SD indicates standard deviation; %, column percentage.

a

Exact cell size suppressed to protect patient confidentiality; n < 11.

Twenty-three percent of urban residents (n=545) were readmitted to a different hospital versus 43.0% of rural residents (n=121) (P < .001). Approximately 13% of patients living within 10 miles of the primary hospital (n=343) were readmitted elsewhere, whereas more than half (54%) of patients living 50 to 100 miles from the primary hospital (n=125) were readmitted to a different facility (P < .001). Overall, there was a significant, increasing trend in frequency of readmission to a different facility as distance from the initial hospital increased.

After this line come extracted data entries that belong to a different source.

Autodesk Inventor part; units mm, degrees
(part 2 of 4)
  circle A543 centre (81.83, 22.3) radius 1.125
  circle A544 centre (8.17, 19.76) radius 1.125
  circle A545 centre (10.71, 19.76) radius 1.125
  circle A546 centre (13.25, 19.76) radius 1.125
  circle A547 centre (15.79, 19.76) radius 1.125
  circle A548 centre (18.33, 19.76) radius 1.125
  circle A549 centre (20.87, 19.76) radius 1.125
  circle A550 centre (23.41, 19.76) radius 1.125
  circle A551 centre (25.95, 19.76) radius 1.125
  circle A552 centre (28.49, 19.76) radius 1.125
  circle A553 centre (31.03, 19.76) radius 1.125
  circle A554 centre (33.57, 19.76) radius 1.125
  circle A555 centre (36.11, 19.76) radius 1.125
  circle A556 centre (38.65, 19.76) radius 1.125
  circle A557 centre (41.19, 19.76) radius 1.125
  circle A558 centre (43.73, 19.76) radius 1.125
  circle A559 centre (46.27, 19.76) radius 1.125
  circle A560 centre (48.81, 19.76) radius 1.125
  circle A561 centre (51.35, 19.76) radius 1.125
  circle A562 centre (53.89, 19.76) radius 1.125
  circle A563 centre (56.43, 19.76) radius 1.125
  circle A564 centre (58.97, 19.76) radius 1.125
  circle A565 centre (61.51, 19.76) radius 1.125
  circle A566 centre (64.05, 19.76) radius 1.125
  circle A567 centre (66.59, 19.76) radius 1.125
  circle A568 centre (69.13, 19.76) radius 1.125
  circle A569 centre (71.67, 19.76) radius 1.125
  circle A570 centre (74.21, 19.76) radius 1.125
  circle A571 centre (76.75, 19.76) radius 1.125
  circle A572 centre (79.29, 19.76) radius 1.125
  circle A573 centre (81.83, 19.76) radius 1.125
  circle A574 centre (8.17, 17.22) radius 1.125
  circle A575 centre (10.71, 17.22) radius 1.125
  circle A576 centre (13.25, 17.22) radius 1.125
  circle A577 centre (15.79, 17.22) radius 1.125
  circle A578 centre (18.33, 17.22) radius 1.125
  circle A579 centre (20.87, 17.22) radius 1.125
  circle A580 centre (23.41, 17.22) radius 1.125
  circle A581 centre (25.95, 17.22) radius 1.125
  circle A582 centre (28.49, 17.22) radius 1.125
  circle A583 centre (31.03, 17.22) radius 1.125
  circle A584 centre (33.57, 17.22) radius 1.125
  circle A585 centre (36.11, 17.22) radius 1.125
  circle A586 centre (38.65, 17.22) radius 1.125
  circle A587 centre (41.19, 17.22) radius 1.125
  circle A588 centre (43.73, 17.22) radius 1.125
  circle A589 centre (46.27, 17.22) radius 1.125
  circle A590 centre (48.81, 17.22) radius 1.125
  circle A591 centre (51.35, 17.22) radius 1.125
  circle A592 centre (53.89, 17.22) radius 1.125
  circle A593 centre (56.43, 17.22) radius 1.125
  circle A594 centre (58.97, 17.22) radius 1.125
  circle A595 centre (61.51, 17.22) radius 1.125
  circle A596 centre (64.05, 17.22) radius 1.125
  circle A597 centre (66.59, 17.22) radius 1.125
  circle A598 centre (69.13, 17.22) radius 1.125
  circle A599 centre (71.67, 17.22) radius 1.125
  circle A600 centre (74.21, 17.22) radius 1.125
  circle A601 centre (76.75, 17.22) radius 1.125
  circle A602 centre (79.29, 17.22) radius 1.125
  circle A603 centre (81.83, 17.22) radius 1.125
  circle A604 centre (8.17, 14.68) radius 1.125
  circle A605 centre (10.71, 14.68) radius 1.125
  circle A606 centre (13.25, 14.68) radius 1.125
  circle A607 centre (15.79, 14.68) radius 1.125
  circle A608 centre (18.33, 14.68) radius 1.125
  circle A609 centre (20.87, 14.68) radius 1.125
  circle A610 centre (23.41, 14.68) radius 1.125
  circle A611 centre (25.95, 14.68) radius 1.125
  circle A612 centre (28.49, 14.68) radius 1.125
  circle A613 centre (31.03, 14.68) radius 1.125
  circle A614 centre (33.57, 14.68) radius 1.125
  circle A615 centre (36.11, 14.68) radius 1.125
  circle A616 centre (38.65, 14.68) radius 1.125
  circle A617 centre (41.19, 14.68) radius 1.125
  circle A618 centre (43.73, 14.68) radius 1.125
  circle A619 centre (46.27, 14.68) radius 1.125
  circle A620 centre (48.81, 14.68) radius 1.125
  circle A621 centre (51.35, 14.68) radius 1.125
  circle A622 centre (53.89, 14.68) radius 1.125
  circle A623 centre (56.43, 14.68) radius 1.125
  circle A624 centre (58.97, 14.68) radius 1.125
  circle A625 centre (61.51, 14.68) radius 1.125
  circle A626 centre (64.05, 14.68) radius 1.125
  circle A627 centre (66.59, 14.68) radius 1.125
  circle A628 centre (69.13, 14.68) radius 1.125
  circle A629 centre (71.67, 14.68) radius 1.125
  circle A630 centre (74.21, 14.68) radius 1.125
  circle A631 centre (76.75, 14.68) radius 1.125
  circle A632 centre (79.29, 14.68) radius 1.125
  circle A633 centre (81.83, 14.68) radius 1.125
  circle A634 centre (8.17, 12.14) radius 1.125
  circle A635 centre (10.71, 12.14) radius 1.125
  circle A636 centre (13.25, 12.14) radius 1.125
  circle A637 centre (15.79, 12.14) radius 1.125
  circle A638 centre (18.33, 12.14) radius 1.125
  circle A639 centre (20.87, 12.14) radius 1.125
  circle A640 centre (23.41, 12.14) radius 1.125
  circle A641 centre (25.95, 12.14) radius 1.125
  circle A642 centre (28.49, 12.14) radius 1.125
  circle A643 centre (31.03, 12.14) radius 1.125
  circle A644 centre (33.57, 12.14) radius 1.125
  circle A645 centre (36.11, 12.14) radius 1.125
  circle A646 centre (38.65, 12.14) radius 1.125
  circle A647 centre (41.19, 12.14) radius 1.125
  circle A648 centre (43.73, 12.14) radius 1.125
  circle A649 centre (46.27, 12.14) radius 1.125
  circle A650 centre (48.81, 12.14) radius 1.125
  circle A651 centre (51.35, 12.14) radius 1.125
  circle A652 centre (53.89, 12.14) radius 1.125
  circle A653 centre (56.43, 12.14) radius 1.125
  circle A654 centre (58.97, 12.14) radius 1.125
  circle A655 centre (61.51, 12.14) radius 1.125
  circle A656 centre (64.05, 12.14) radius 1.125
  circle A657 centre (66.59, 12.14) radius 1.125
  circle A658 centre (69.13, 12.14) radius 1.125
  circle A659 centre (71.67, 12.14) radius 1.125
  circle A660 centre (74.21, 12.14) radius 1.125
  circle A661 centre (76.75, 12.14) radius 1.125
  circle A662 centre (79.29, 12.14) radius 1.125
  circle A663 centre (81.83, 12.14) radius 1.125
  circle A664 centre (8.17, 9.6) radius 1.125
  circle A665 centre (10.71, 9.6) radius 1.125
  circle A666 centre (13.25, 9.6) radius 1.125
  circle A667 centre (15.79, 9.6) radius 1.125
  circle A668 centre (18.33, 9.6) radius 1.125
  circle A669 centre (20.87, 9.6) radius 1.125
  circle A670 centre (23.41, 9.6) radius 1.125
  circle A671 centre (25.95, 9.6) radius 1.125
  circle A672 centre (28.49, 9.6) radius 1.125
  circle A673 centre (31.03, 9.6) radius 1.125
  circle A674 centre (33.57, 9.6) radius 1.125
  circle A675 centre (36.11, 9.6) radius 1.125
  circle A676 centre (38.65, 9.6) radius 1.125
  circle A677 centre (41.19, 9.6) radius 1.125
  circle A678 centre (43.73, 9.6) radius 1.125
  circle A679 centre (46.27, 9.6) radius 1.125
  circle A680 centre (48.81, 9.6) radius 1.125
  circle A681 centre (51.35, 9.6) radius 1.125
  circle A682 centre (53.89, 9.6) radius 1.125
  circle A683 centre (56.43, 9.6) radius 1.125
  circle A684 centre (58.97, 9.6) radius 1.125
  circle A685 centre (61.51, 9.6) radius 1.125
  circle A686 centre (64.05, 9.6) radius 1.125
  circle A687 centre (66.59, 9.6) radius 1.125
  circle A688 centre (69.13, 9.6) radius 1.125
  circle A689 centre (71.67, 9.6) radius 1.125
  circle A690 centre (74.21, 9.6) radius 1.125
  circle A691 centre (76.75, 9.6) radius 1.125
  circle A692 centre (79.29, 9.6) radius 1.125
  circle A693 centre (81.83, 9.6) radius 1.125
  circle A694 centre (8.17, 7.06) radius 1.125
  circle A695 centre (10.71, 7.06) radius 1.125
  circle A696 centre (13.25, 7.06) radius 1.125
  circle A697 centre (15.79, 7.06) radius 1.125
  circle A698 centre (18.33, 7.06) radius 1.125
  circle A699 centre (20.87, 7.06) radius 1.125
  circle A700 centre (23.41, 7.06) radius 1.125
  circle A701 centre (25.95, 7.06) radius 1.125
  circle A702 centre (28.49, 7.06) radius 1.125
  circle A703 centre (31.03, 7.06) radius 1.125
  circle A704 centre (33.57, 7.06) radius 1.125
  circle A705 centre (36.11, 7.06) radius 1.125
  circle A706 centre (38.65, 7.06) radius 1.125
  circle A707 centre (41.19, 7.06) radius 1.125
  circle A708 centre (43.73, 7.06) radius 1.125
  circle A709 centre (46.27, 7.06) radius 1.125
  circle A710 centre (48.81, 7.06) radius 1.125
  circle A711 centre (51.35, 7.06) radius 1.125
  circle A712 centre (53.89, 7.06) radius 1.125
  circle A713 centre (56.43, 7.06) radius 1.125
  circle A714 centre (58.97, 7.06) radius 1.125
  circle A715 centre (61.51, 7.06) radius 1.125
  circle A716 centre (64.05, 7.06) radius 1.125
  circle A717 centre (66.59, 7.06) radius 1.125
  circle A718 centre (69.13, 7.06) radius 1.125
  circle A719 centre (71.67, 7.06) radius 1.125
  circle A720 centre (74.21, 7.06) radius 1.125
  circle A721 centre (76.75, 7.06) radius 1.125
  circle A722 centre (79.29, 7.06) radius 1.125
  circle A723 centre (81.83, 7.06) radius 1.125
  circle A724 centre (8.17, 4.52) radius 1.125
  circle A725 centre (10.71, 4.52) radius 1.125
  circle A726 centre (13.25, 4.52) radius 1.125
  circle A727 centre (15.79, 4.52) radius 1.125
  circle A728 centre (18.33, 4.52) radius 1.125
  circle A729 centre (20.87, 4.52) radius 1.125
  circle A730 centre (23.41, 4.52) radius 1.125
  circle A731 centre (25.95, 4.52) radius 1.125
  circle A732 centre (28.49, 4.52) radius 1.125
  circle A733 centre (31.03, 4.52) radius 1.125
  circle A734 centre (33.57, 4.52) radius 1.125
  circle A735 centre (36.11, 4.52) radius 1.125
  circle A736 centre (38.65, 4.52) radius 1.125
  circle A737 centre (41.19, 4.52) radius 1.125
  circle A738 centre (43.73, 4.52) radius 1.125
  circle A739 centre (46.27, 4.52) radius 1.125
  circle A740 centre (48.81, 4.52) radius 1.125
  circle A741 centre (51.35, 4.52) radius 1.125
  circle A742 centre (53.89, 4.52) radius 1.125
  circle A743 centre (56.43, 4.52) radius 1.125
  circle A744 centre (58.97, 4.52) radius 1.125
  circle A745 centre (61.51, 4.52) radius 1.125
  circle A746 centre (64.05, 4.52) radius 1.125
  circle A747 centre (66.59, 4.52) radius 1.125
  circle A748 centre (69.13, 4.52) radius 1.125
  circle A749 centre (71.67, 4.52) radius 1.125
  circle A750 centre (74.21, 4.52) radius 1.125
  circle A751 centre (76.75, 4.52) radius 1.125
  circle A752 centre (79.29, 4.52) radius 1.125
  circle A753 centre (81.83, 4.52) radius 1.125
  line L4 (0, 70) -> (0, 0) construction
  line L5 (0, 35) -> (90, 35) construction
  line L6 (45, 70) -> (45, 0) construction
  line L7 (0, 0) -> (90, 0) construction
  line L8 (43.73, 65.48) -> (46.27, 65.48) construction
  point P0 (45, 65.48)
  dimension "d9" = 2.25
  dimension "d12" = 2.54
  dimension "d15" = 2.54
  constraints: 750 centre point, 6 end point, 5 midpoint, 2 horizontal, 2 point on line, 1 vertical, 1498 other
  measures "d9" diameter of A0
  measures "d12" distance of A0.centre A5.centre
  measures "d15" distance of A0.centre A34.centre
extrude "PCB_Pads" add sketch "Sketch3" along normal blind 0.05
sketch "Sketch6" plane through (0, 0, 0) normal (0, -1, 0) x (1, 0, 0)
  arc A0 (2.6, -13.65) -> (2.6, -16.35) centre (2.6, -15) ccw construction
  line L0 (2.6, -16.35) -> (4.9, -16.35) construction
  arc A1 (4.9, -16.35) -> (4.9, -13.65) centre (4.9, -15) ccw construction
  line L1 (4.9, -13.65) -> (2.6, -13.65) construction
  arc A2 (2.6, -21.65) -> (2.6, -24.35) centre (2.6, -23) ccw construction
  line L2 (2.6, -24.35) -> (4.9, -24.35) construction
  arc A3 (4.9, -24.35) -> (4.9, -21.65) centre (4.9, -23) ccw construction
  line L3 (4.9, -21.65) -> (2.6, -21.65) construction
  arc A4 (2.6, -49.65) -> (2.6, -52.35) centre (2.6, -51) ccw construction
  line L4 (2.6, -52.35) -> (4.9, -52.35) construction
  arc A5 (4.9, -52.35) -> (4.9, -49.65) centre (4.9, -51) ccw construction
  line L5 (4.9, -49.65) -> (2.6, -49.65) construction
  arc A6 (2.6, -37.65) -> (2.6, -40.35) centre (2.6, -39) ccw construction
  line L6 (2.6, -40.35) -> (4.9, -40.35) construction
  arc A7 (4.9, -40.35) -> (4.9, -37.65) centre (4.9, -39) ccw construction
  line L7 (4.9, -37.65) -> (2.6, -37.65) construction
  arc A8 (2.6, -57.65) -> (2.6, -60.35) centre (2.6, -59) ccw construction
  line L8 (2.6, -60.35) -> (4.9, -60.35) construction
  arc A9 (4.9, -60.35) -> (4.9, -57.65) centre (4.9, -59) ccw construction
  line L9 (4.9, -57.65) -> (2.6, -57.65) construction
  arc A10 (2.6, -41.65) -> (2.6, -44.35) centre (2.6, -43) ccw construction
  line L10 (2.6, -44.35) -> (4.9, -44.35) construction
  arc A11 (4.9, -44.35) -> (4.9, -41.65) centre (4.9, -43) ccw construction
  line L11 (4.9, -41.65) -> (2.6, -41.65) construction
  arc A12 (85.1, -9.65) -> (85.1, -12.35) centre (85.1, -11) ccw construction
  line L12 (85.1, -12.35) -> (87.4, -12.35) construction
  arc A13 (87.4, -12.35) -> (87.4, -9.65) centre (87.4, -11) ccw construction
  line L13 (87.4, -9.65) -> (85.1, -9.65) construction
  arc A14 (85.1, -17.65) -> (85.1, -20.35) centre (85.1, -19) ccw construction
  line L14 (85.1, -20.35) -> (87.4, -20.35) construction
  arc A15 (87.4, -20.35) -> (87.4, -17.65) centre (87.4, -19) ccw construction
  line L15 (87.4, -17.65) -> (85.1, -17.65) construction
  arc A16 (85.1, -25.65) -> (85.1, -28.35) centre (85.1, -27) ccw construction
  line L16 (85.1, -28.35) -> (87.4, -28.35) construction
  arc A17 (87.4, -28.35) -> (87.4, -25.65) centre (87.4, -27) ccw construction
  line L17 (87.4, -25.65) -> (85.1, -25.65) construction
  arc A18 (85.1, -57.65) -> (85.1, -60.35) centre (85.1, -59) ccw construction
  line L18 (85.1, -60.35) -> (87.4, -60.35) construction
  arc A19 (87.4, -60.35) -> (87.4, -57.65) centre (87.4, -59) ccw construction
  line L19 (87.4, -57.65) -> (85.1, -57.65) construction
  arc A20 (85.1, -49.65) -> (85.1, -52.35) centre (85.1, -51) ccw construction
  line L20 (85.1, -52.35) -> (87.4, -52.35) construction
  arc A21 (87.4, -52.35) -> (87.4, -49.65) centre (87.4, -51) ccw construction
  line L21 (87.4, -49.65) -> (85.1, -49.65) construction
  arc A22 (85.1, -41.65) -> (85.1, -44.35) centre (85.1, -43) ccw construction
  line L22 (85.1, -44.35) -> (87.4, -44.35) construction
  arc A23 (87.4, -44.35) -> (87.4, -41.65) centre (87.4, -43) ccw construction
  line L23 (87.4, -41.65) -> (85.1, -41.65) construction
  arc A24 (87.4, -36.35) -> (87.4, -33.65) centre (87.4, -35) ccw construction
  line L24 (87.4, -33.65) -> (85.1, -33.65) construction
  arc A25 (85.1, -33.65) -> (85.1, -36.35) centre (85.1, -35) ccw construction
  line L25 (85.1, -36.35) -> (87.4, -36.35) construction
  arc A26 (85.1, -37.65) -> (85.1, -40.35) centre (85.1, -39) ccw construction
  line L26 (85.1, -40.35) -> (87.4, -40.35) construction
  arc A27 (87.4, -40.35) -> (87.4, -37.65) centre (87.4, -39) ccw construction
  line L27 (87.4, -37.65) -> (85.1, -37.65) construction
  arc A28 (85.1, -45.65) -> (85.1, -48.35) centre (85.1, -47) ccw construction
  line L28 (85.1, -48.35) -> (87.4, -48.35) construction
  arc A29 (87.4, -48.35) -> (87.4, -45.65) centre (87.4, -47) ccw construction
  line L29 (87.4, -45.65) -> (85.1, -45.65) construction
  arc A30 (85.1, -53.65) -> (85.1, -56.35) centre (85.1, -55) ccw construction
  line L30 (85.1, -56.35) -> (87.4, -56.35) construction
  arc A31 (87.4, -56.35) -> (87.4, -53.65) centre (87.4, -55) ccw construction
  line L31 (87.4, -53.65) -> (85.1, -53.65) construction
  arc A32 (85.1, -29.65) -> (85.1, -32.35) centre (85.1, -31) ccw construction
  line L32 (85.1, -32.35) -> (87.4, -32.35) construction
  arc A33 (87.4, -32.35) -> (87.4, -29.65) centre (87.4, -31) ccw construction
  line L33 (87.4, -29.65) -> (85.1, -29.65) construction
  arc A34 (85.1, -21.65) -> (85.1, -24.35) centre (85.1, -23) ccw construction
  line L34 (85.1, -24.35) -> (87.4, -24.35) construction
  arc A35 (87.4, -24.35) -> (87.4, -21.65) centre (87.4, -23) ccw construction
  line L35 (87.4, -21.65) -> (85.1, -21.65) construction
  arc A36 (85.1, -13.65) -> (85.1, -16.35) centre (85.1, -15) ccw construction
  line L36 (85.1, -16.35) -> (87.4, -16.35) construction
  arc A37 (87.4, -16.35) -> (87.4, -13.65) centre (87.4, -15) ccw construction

In addition to patient characteristics, we analyzed clinical and facility factors potentially associated with readmission to a different hospital (Table II). Initial length of stay (LOS), procedure type (open or EVAR), non-rupture vs. ruptured aneurysms, post-operative complications, initial discharge destination, and medical school affiliation were evaluated. Of these, initial LOS was associated with readmission to a different hospital. That is, for patients readmitted to a different facility, the initial LOS was significantly longer 9.3 ± 11.2 days versus 7.9 ± 9.2 for patients readmitted to the primary hospital (P = .01). Patients returning to the primary facility were more frequently treated at a hospital without medical school affiliation (43.1% vs. 29.7%, P = .002). Lastly, emergent readmissions occurred more frequently in patients readmitted to a different hospital (71.4% versus 63.4% , P = .03).

Table II.

Univariate Analysis of Clinical Characteristics for Medicare Beneficiaries Readmitted within 30 Days of AAA Repair, by Readmission Location

Characteristic Primary Hospital, (n= 626) Different Hospital, (n= 259) P-value
Repair Type, n (%) .37
    Open Repair 262 (41.8) 100 (38.6)
    EVAR 364 (58.2) 159 (61.4)
Ruptured Aneurysm, n (%) 55 (8.8) 17 (6.6) .27
Had in-hospital complication during initial hospitalization, n (%)
    Any complication 322 (51.4) 146 (56.4) .18
    Respiratory 197 (31.5) 96 (37.1) .11
    Hemorrhage/Shock 112 (17.9) 37 (14.3) .19
    Vascular/Device 52 (8.3) 26 (10.0) .41
    Cardiac 59 (9.4) 33 (12.7) .14
    Wound/SSI 26 (4.2) --a .64
    Renal/Urologic 111 (17.7) 54 (20.9) .28
    Neurologic 54 (8.6) 11 (4.3) .02
    Reoperation --a --a .24
    Venous thromboembolism 18 (2.9) --a .06
Number of in-hospital complications, mean (SD) 1.0 (1.3) 1.1 (1.2) .67
Initial length of stay, mean (SD) 7.9 (9.2) 9.3 (11.2) .01
Initial discharge destination, n (%) .73
    Home 351 (56.1) 144 (55.6)
    Home with home care 107 (17.1) 49 (18.9)
    Skilled nursing facility 118 (18.8) 41 (15.8)
    Other 50 (8.0) 25 (9.6)
Index hospital medical school affiliation, n (%) .002
    Major 205 (32.9) 104 (40.1)
Emergency Visit Prior to Readmission, n (%) 398 (63.4) 185 (71.4) .03
Time to Readmission, mean (SD) 11.2 (8.3) 12.1 (8.2) .15
Rehospitalization length of stay, mean (SD) 6.6 (8.3) 5.8 (5.2) .07

SD indicates standard deviation; %, column percentage.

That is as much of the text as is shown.